98 Octane average result UK Rollers Variation Increased octane
Span of 15% across Rolling Roads (+/- 7.5% from average)
+ up to 10% additional power using NF/Methanol/Race Fuel
Optimax Average result --- UK Rollers Variation --- +Increased octane
--------- 300 bhp -------------278-322bhp-------------352bhp
--------- 320 bhp -------------296-344bhp------------ 378bhp
--------- 340 bhp -------------314-346bhp-------------399bhp
--------- 360 bhp -------------333-378bhp-------------423bhp
----------380 bhp -------------351-409bhp-------------446bhp
--------- 400 bhp -------------370-430bhp-------------470bhp
--------- 450 bhp -------------417-483bhp-------------528bhp
----------520 bhp -------------481-560bhp-------------611bhp
Engines tuned on bench dynos or rolling roads are generally mapped at fixed rpm intervals. Whilst this allows an approximate setting to be achieved, real life conditions are always occurring not at static rpm but at a rate of acceleration.
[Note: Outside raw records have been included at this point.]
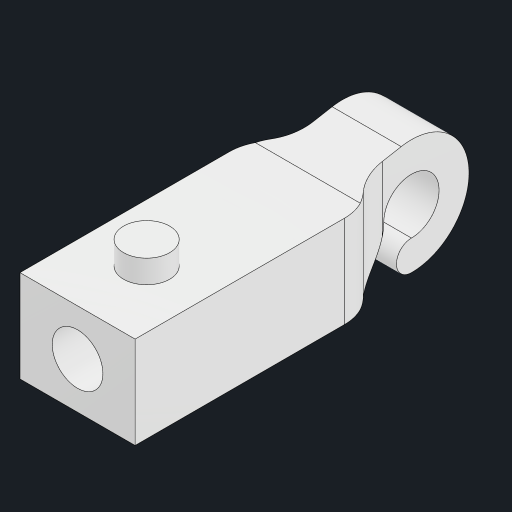
# Autodesk Inventor part: gear_connecotr1_V2
Saved by Autodesk Inventor 2023 (Build 270158000, 158)
## iProperties
Created: 2022-06-15
Part Number: gear_connecotr1_V2
Material: ABS プラスチック
Document SubType Name: Modeling
Designer: legot
Density: 1.06 g/cm^3
Appearance: 滑らか - 白
Mass: 0.227309 g
Surface Area: 3.88253 cm^2
Volume: 0.214443 cm^3
Author: legot
Autodesk Inventor part; units mm, degrees
ref_plane "YZ Plane" through (0, 0, 0) normal (1, 0, 0) x (0, 1, 0)
ref_plane "XZ Plane" through (0, 0, 0) normal (0, 1, 0) x (-1, 0, 0)
ref_plane "XY Plane" through (0, 0, 0) normal (0, 0, 1) x (1, 0, 0)
sketch "スケッチ1" plane through (0, 0, 0) normal (0, 1, 0) x (-1, 0, 0)
  line L0 (2.5, 3) -> (-2.5, 3)
  line L1 (-2.5, 3) -> (-2.5, -7)
  line L2 (-2.5, -7) -> (2.5, -7)
  line L3 (2.5, -7) -> (2.5, 3)
  point P0 (0, 0)
  point P1 (0, 3)
  dimension "d0" = 5
  dimension "d15" = 10
  dimension "d46" = 3
  constraints: 8 end point, 2 parallel, 1 horizontal, 1 midpoint, 1 perpendicular, 1 vertical alignment
  measures "d0" distance of L0.start L0.end
  measures "d15" distance of L2.end L0.start
  measures "d46" distance from line of point (0, 0) L0
extrude "押し出し1" add sketch "スケッチ1" along normal mid plane 4
sketch "スケッチ2" plane through (0, 0, 0) normal (0, 1, 0) x (-1, 0, 0)
  circle A0 centre (0, 0) radius 1
  dimension "d3" = 2
  constraints: 1 centre point, 1 coincident
  measures "d3" diameter of A0
extrude "押し出し2" add sketch "スケッチ2" along normal mid plane 6
sketch "スケッチ5" plane through (-2.5, 2, 3) normal (0, 0, 1) x (1, 0, 0)
  point P0 (2.5, -2)
  point P1 (2.5, -2)
  constraints: 1 coincident
hole "加工用" [suppressed]
sketch "スケッチ8" plane through (0, 0, 0) normal (1, 0, 0) x (0, 1, 0)
  circle A0 centre (0, -10) radius 2.5
  circle A1 centre (0, -10) radius 1.2
  line L0 (-2, -7) -> (-2.4604, -9.557)
  line L1 (2, -7) -> (2.4604, -9.557)
  line L2 (-2, -7) -> (2, -7) projected
  line L3 (-2, -7) -> (2, -7) projected
  circle A2 centre (-1.85, -10) radius 0.65
  arc A3 (-2, -7) -> (0, -8.8) centre (0, -6.7889) ccw
  point P0 (0, 0)
  point P1 (1, -4)
  point P2 (-1, -4)
  point P3 (0, -7)
  point P4 (0, -7)
  point P5 (-1.2, -10)
  point P6 (-2.5, -10)
  point P7 (0, -7)
  point P8 (-1.5657, -8.051)
  dimension "d33" = 2.4
  dimension "d34" = 5
  dimension "d42" = 3
  constraints: 4 end point, 4 point on circle, 3 centre point, 3 coincident, 3 tangent, 2 vertical alignment, 1 horizontal alignment, 10 other
  measures "d34" diameter of A0
  measures "d42" distance of A0.centre point (0, -7)
extrude "押し出し4" add sketch "スケッチ8" along normal mid plane 3 contours A0 A2 A1 A3 | A0 A3 L2 L1 | A2 picked at (-1.463, -11.0204)
fillet "フィレット1" radius 2 4 edges at (-1.5, 0, -7) (-2.5, 0, -7) (1.5, 0, -7) (2.5, 0, -7)
sketch "スケッチ6" plane through (-2.5, 2, 3) normal (0, 0, 1) x (1, 0, 0)
  point P0 (2.5, -2)
  point P1 (2.5, -2)
  constraints: 1 coincident
hole "穴3" at (0, 0, 3) direction (0, 0, -1) diameter 2.2 end up to face face through (0, 0, -10) facing (1, 0, 0) round with radius 1.2 far side no

A fixed speed derived map will be slower on the road than a map optimised to the cars actual acceleration rate (although the rolling road derived map may well produce bigger numbers on the rollers).
This is one reason why we tune our turbo cars on the road under real life temperature and conditions.
Due to the vast differences in dyno power run duration and Subaru specific TMIC cooling set ups, I would recommend that anyone with significant upgrades should run some decent octane booster (such as NF)
The reason for this it to retain the ECU safety margin under potentially heavier loading conditions.
If the car is not overloaded, then this addition alone will not net you any more BHP but it will minimise the risk of your ECU retarding the timing which may then take some time to recover to normal running on the road.
Newage cars and AVCR's have gear recognition control of boost, ie they will target higher wastegate settings in a lower gear to achieve the boost target. The rpm/mph rise rate on the rollers will be different to the rate achieved on the road so some cars may overboost whilst others fail to achieve target boost. This is neither a fault with the car or the rolling road, its just a typical condition.
Cars with underbonnet induction kits would be advised to run with the bonnet down, the reason for this is that a direct blast of air from the cooling fan onto the filter can disturb the airflow around the MAF sensor, this can cause the car to over or under fuel.
Finally, ensure your transmission is fully warmed up by giving the car a 10 min run on the road shortly before your run is due, also pump your tyres up to the recommended level (ask the operator) this is particularly important on Dyno Dynamics rolling roads as the transmission drag is not actually measured, just estimated.